From the entries below, output the line with "line L30 (-10.5, 12.5515) -> (-10.5, 13)" and each following line up to and including the line with "line L35 (-12.5515, 9.5) -> (-13, 9.5)", exactly as written.

#### Input records:
┌──

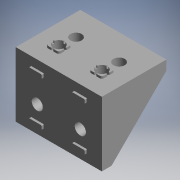
# Autodesk Inventor part: HBLFSD5-SECh5
Saved by Autodesk Inventor 2017.3 (Build 213256000, 256)
## iProperties
Part Number: HBLFSD5-SECh5
Material: Generic
Catalog Web Link: www.cadenas.de
Description: HBLFSN5, HBLFSNB5, HBLFSNM5, HBLFSNK5, HBLFSSW5, HBLFSSWB5, HBLFSDW5-Thin Reversal Brackets for Slot Width 6 Frames - For 20, 40mm Sections
Vendor: MISUMI
Document SubType Name: Modeling
Designer: partserver
Manufacturer: MISUMI
Mass: 10.6442 g
Surface Area: 68.7333 cm^2
Volume: 10.6442 cm^3
Density: 1 g/cm^3
Appearance: PSOLRGB-192-192-192
Category: PARTsolutions
Company: MISUMI
Title: HBLFSD5-SEC
Author: Cadenas PARTsolutions
Comments: Thin Reversal Brackets for Slot Width 6 Frames - For 20, 40mm Sections
PSOL_IDENT_0: {$CADENAS_DATA\23d-libs\misumi\metric\38_al_extrusions_blackets\5\hblfsn5.prj},236 {VTYP=3D},{NB=HBL
PSOL_IDENT_1: FSD5-SECh5},{LINA=HBLFSD5-SEC},{NN=HBLFSN5, HBLFSNB5, HBLFSNM5, HBLFSNK5, HBLFSSW5, HBLFSSWB5, HBLFS
PSOL_IDENT_2: DW5},{DATE=16.10.2018 09:36:58},{GEOMDATE=16.10.2018 09:22:00},{VERSION=},{LINEID=270},{WBVAR=ALT1,A
PSOL_IDENT_3: LT2},{WBNUMERIC=}  {NB=HBLFSD5-SECh5},{LINA=HBLFSD5-SEC},{KT=5},{PN=HBLFSD5-SEC},{TP=HBLFSD5},{NOH=2
PSOL_IDENT_4: },{NOHV=2},{MAT=JIS-ADC12},{ST=-},{TYPE=HBLFSD5},{FEAT=Thin Reversal Bracket},{ALT1=},{ALT2=-SEC},{M
PSOL_IDENT_5: ASS=25},{AB=CBM5-10},{NOB=4},{AN=HNTT5-5},{NON=4},{AL=1470},{W=40},{H=30},{DP=30},{T=4.5},{HDIS=0},{
PSOL_IDENT_6: DPOS=12},{HH1=18},{BOLTX=0.0},{HV1=0},{BOLTY=0.0},{DIA=5.2},{ALT1OPT='','w/o C (Mounting Holes for C
PSOL_IDENT_7: over)','-C','with C (Mounting Holes for Cover)'},{ALT2OPT= '' , 'w/o Set of Applicable Bolt and Nut'
PSOL_IDENT_8: , '-SET' , 'with SET (Set of Applicable Bolt and Nut)' , '-SST' , 'with SST (Stainless Steel Set of
PSOL_IDENT_9: Applicable Bolt and Nut)' , '-SEU' , 'with SEU (Pre-Assembly Fitting Spring Nuts Set of Applicable
PSOL_IDENT_10: Bolt and Nut)' , '-SSU' , 'with SSU (Pre-Assembly Fitting Spring Nuts Stainless Set of Applicable Bo
PSOL_IDENT_11: lt and Nut)'  , '-SEP' , 'with SEP (Post-Assembly Fitting Spring Nuts Set of Applicable Bolt and Nut
PSOL_IDENT_12: )' , '-SSP' , 'with SSP (Post-Assembly Fitting Spring Nuts Stainless Set of Applicable Bolt and Nut)'
PSOL_IDENT_13: , '-SEC' , 'with SEC (Washer Assembled Set of Applicable Bolt and Nut)' },{R=1},{R1=0.3},{APOSV=0}
PSOL_IDENT_14: ,{VER=3},{PR=5},{TT=1.0},{T1=0}
NB: HBLFSD5-SECh5
NN: HBLFSN5, HBLFSNB5, HBLFSNM5, HBLFSNK5, HBLFSSW5, HBLFSSWB5, HBLFSDW5
NT: Thin Reversal Brackets for Slot Width 6 Frames - For 20, 40mm Sections
NBSYN: $PN.h5
LINA: HBLFSD5-SEC
CATALOG: Misumi
PN: HBLFSD5-SEC
TP: HBLFSD5
MAT: JIS-ADC12
ST: -
FEAT: Thin Reversal Bracket
ALT1: w/o C (Mounting Holes for Cover)
ALT2: with SEC (Washer Assembled Set of Applicable Bolt and Nut)
MASS: 25
AB: CBM5-10
NOB: 4
AN: HNTT5-5
NON: 4
AL: 1470
BOLTX: 0
BOLTY: 0
SUPPLIER: MISUMI
ARTICLENO: HBLFSD5-SECh5
BOMINFO: HBLFSD5-SEC
CREATOR: CADENAS GmbH
Autodesk Inventor part; units mm, degrees
ref_plane "YZ Plane" through (0, 0, 0) normal (1, 0, 0) x (0, 1, 0)
ref_plane "XZ Plane" through (0, 0, 0) normal (0, 1, 0) x (-1, 0, 0)
ref_plane "XY Plane" through (0, 0, 0) normal (0, 0, 1) x (1, 0, 0)
sketch "Sketch_15" plane through (0, 0, 0) normal (1, 0, 0) x (0, 1, 0)
  line L0 (4.0858, 30) -> (0, 30)
  line L1 (0, 30) -> (0, 0)
  line L2 (0, 0) -> (30, 0)
  line L3 (30, 0) -> (30, 4.0858)
  arc A0 (30, 4.0858) -> (29.7071, 4.7929) centre (29, 4.0858) ccw
  line L4 (29.7071, 4.7929) -> (4.7929, 29.7071)
  arc A1 (4.7929, 29.7071) -> (4.0858, 30) centre (4.0858, 29) ccw
  constraints: 10 end point, 4 point on circle, 2 centre point
extrude "Extrusion1" add sketch "Sketch_15" along normal mid plane 40
sketch "Sketch_16" plane through (0, 0, 0) normal (1, 0, 0) x (0, 1, 0)
  line L0 (34.5, 34.5) -> (2.9278, 34.5)
  line L1 (2.9278, 34.5) -> (4.5, 4.5)
  line L2 (4.5, 4.5) -> (34.5, 4.5)
  line L3 (34.5, 4.5) -> (34.5, 34.5)
  constraints: 8 end point
extrude "Extrusion2" cut sketch "Sketch_16" along normal mid plane 35
sketch "Sketch_34" plane through (0, 4.5, 0) normal (0, 1, 0) x (1, 0, 0)
  line L0 (4.5791, -10.5) -> (5.5313, -18.5299)
  arc A0 (5.5313, -18.5299) -> (14.4687, -18.5299) centre (10, -18) ccw
  line L1 (14.4687, -18.5299) -> (15.4209, -10.5)
  line L2 (15.4209, -10.5) -> (4.5791, -10.5)
  constraints: 6 end point, 2 point on circle, 1 centre point
extrude "Extrusion3" add sketch "Sketch_34" against normal blind 2.25
sketch "Sketch_35" plane through (0, 4.5, 0) normal (0, 1, 0) x (1, 0, 0)
  line L0 (-15.4209, -10.5) -> (-14.4687, -18.5299)
  arc A0 (-14.4687, -18.5299) -> (-5.5313, -18.5299) centre (-10, -18) ccw
  line L1 (-5.5313, -18.5299) -> (-4.5791, -10.5)
  line L2 (-4.5791, -10.5) -> (-15.4209, -10.5)
  constraints: 6 end point, 2 point on circle, 1 centre point
extrude "Extrusion4" add sketch "Sketch_35" against normal blind 2.25
sketch "Sketch5" plane through (-20, 0, 0) normal (0, -1, 0) x (1, 0, 0)
  point P0 (30, 18)
hole "Hole1" at (10, 0, 18) direction (0, 1, 0) diameter 5.2 depth 4.5
sketch "Sketch6" plane through (-20, 0, 0) normal (0, -1, 0) x (1, 0, 0)
  point P0 (10, 18)
hole "Hole2" at (-10, 0, 18) direction (0, 1, 0) diameter 5.2 depth 4.5
sketch "Sketch_32" plane through (0, 0, 0) normal (0, 0, 1) x (1, 0, 0)
  circle A0 centre (-10, 10) radius 2.6
  constraints: 1 centre point
extrude "Extrusion5" cut sketch "Sketch_32" along normal mid plane 35
pattern_linear "Rectangular Pattern1" count 2 spacing 20 along (1, 0, 0) count 2 spacing 8 along (0, 1, 0) of "Extrusion5"
sketch "Sketch_1" plane through (0, 0, 0) normal (0, 1, 0) x (-1, 0, 0)
  line L0 (20, 30) -> (-20, 30)
  line L1 (-20, 30) -> (-20, 0)
  line L2 (-20, 0) -> (20, 0)
  line L3 (20, 0) -> (20, 30)
  constraints: 8 end point
extrude "Extrusion6" add sketch "Sketch_1" against normal blind 1
sketch "Sketch_38" plane through (0, 0, 0) normal (0, 1, 0) x (-1, 0, 0)
  line L0 (20, 30) -> (-20, 30)
  line L1 (-20, 30) -> (-20, 0)
  line L2 (-20, 0) -> (20, 0)
  line L3 (20, 0) -> (20, 30)
  line L4 (-7, 24.8) -> (-7, 26.2)
  arc A0 (-7, 26.2) -> (-7.3, 26.5) centre (-7.3, 26.2) ccw
  line L5 (-7.3, 26.5) -> (-12.7, 26.5)
  arc A1 (-12.7, 26.5) -> (-13, 26.2) centre (-12.7, 26.2) ccw
  line L6 (-13, 26.2) -> (-13, 24.8)
  arc A2 (-13, 24.8) -> (-12.7, 24.5) centre (-12.7, 24.8) ccw
  line L7 (-12.7, 24.5) -> (-7.3, 24.5)
  arc A3 (-7.3, 24.5) -> (-7, 24.8) centre (-7.3, 24.8) ccw
  line L8 (-7, 4.3) -> (-7, 5.7)
  arc A4 (-7, 5.7) -> (-7.3, 6) centre (-7.3, 5.7) ccw
  line L9 (-7.3, 6) -> (-12.7, 6)
  arc A5 (-12.7, 6) -> (-13, 5.7) centre (-12.7, 5.7) ccw
  line L10 (-13, 5.7) -> (-13, 4.3)
  arc A6 (-13, 4.3) -> (-12.7, 4) centre (-12.7, 4.3) ccw
  line L11 (-12.7, 4) -> (-7.3, 4)
  arc A7 (-7.3, 4) -> (-7, 4.3) centre (-7.3, 4.3) ccw
  line L12 (13, 24.8) -> (13, 26.2)
  arc A8 (13, 26.2) -> (12.7, 26.5) centre (12.7, 26.2) ccw
  line L13 (12.7, 26.5) -> (7.3, 26.5)
  arc A9 (7.3, 26.5) -> (7, 26.2) centre (7.3, 26.2) ccw
  line L14 (7, 26.2) -> (7, 24.8)
  arc A10 (7, 24.8) -> (7.3, 24.5) centre (7.3, 24.8) ccw
  line L15 (7.3, 24.5) -> (12.7, 24.5)
  arc A11 (12.7, 24.5) -> (13, 24.8) centre (12.7, 24.8) ccw
  line L16 (13, 4.3) -> (13, 5.7)
  arc A12 (13, 5.7) -> (12.7, 6) centre (12.7, 5.7) ccw
  line L17 (12.7, 6) -> (7.3, 6)
  arc A13 (7.3, 6) -> (7, 5.7) centre (7.3, 5.7) ccw
  line L18 (7, 5.7) -> (7, 4.3)
  arc A14 (7, 4.3) -> (7.3, 4) centre (7.3, 4.3) ccw
  line L19 (7.3, 4) -> (12.7, 4)
  arc A15 (12.7, 4) -> (13, 4.3) centre (12.7, 4.3) ccw
  constraints: 40 end point, 32 point on circle, 16 centre point
extrude "Extrusion7" cut sketch "Sketch_38" against normal blind 1
sketch "Sketch_10" plane through (0, 0, 0) normal (0, 0, 1) x (1, 0, 0)
  line L0 (-20, 30) -> (-20, 0)
  line L1 (-20, 0) -> (20, 0)
  line L2 (20, 0) -> (20, 30)
  line L3 (20, 30) -> (-20, 30)
  constraints: 8 end point
extrude "Extrusion8" add sketch "Sketch_10" against normal blind 1
sketch "Sketch_39" plane through (0, 0, 0) normal (0, 0, 1) x (1, 0, 0)
  line L0 (-20, 30) -> (-20, 0)
  line L1 (-20, 0) -> (20, 0)
  line L2 (20, 0) -> (20, 30)
  line L3 (20, 30) -> (-20, 30)
  arc A0 (12.5515, 10.5) -> (10.5, 12.5515) centre (10, 10) ccw
  line L4 (12.5515, 10.5) -> (13, 10.5)
  line L5 (13, 10.5) -> (13, 12)
  arc A1 (13, 12) -> (12, 13) centre (12, 12) ccw
  line L6 (12, 13) -> (10.5, 13)
  line L7 (10.5, 13) -> (10.5, 12.5515)
  line L8 (10.5, 7.4485) -> (10.5, 7)
  line L9 (10.5, 7) -> (12, 7)
  arc A2 (12, 7) -> (13, 8) centre (12, 8) ccw
  line L10 (13, 8) -> (13, 9.5)
  line L11 (13, 9.5) -> (12.5515, 9.5)
  arc A3 (10.5, 7.4485) -> (12.5515, 9.5) centre (10, 10) ccw
  line L12 (7, 12) -> (7, 10.5)
  line L13 (7, 10.5) -> (7.4485, 10.5)
  arc A4 (9.5, 12.5515) -> (7.4485, 10.5) centre (10, 10) ccw
  line L14 (9.5, 12.5515) -> (9.5, 13)
  line L15 (9.5, 13) -> (8, 13)
  arc A5 (8, 13) -> (7, 12) centre (8, 12) ccw
  line L16 (7, 9.5) -> (7, 8)
  arc A6 (7, 8) -> (8, 7) centre (8, 8) ccw
  line L17 (8, 7) -> (9.5, 7)
  line L18 (9.5, 7) -> (9.5, 7.4485)
  arc A7 (7.4485, 9.5) -> (9.5, 7.4485) centre (10, 10) ccw
  line L19 (7.4485, 9.5) -> (7, 9.5)
  arc A8 (-7.4485, 10.5) -> (-9.5, 12.5515) centre (-10, 10) ccw
  line L20 (-7.4485, 10.5) -> (-7, 10.5)
  line L21 (-7, 10.5) -> (-7, 12)
  arc A9 (-7, 12) -> (-8, 13) centre (-8, 12) ccw
  line L22 (-8, 13) -> (-9.5, 13)
  line L23 (-9.5, 13) -> (-9.5, 12.5515)
  line L24 (-9.5, 7.4485) -> (-9.5, 7)
  line L25 (-9.5, 7) -> (-8, 7)
  arc A10 (-8, 7) -> (-7, 8) centre (-8, 8) ccw
  line L26 (-7, 8) -> (-7, 9.5)
  line L27 (-7, 9.5) -> (-7.4485, 9.5)
  arc A11 (-9.5, 7.4485) -> (-7.4485, 9.5) centre (-10, 10) ccw
  line L28 (-13, 12) -> (-13, 10.5)
  line L29 (-13, 10.5) -> (-12.5515, 10.5)
  arc A12 (-10.5, 12.5515) -> (-12.5515, 10.5) centre (-10, 10) ccw
  line L30 (-10.5, 12.5515) -> (-10.5, 13)
  line L31 (-10.5, 13) -> (-12, 13)
  arc A13 (-12, 13) -> (-13, 12) centre (-12, 12) ccw
  line L32 (-13, 9.5) -> (-13, 8)
  arc A14 (-13, 8) -> (-12, 7) centre (-12, 8) ccw
  line L33 (-12, 7) -> (-10.5, 7)
  line L34 (-10.5, 7) -> (-10.5, 7.4485)
  arc A15 (-12.5515, 9.5) -> (-10.5, 7.4485) centre (-10, 10) ccw
  line L35 (-12.5515, 9.5) -> (-13, 9.5)
  constraints: 72 end point, 32 point on circle, 16 centre point
extrude "Extrusion9" cut sketch "Sketch_39" against normal blind 1
ref_plane "bolt_10_11_base_1_XY" through (-10, 4.5, 18) normal (0, 1, 0) x (1, 0, 0)
ref_plane "bolt_10_11_base_1_YZ" through (-10, 4.5, 18) normal (1, 0, 0) x (0, 0, -1)
ref_plane "bolt_10_11_base_1_ZX" through (-10, 4.5, 18) normal (0, 0, -1) x (0, 1, 0)
ref_plane "bolt_10_11_base_2_XY" through (10, 4.5, 18) normal (0, 1, 0) x (1, 0, 0)
ref_plane "bolt_10_11_base_2_YZ" through (10, 4.5, 18) normal (1, 0, 0) x (0, 0, -1)
ref_plane "bolt_10_11_base_2_ZX" through (10, 4.5, 18) normal (0, 0, -1) x (0, 1, 0)
ref_plane "bracket_to_bolt_XY" through (1, 0, 0) normal (0, 0, 1) x (1, 0, 0)
ref_plane "bracket_to_bolt_YZ" through (1, 0, 0) normal (1, 0, 0) x (0, 1, 0)
ref_plane "bracket_to_bolt_ZX" through (1, 0, 0) normal (0, 1, 0) x (0, 0, 1)
ref_plane "bracket_to_dummy_XY" through (0, 0, 0) normal (0, 1, 0) x (1, 0, 0)
ref_plane "bracket_to_dummy_YZ" through (0, 0, 0) normal (1, 0, 0) x (0, 0, -1)
ref_plane "bracket_to_dummy_ZX" through (0, 0, 0) normal (0, 0, -1) x (0, 1, 0)
ref_plane "nut_10_11_base_1_XY" through (-10, -2, 18) normal (0, 1, 0) x (1, 0, 0)
ref_plane "nut_10_11_base_1_YZ" through (-10, -2, 18) normal (1, 0, 0) x (0, 0, -1)
ref_plane "nut_10_11_base_1_ZX" through (-10, -2, 18) normal (0, 0, -1) x (0, 1, 0)
ref_plane "nut_10_11_base_2_XY" through (10, -2, 18) normal (0, 1, 0) x (1, 0, 0)
ref_plane "nut_10_11_base_2_YZ" through (10, -2, 18) normal (1, 0, 0) x (0, 0, -1)
ref_plane "nut_10_11_base_2_ZX" through (10, -2, 18) normal (0, 0, -1) x (0, 1, 0)
ref_plane "to_bolt_row_10_11_1_XY" through (-10, 18, 4.5) normal (0, 0, 1) x (1, 0, 0)
ref_plane "to_bolt_row_10_11_1_YZ" through (-10, 18, 4.5) normal (1, 0, 0) x (0, 1, 0)
ref_plane "to_bolt_row_10_11_1_ZX" through (-10, 18, 4.5) normal (0, 1, 0) x (0, 0, 1)
ref_plane "to_bolt_row_10_11_2_XY" through (10, 18, 4.5) normal (0, 0, 1) x (1, 0, 0)
ref_plane "to_bolt_row_10_11_2_YZ" through (10, 18, 4.5) normal (1, 0, 0) x (0, 1, 0)
ref_plane "to_bolt_row_10_11_2_ZX" through (10, 18, 4.5) normal (0, 1, 0) x (0, 0, 1)
ref_plane "to_nut_row_10_11_1_XY" through (-10, 18, -2) normal (0, 0, 1) x (1, 0, 0)
ref_plane "to_nut_row_10_11_1_YZ" through (-10, 18, -2) normal (1, 0, 0) x (0, 1, 0)
ref_plane "to_nut_row_10_11_1_ZX" through (-10, 18, -2) normal (0, 1, 0) x (0, 0, 1)
ref_plane "to_nut_row_10_11_2_XY" through (10, 18, -2) normal (0, 0, 1) x (1, 0, 0)
ref_plane "to_nut_row_10_11_2_YZ" through (10, 18, -2) normal (1, 0, 0) x (0, 1, 0)
ref_plane "to_nut_row_10_11_2_ZX" through (10, 18, -2) normal (0, 1, 0) x (0, 0, 1)
body "Solid1"

└──

#### Answer box:
  line L30 (-10.5, 12.5515) -> (-10.5, 13)
  line L31 (-10.5, 13) -> (-12, 13)
  arc A13 (-12, 13) -> (-13, 12) centre (-12, 12) ccw
  line L32 (-13, 9.5) -> (-13, 8)
  arc A14 (-13, 8) -> (-12, 7) centre (-12, 8) ccw
  line L33 (-12, 7) -> (-10.5, 7)
  line L34 (-10.5, 7) -> (-10.5, 7.4485)
  arc A15 (-12.5515, 9.5) -> (-10.5, 7.4485) centre (-10, 10) ccw
  line L35 (-12.5515, 9.5) -> (-13, 9.5)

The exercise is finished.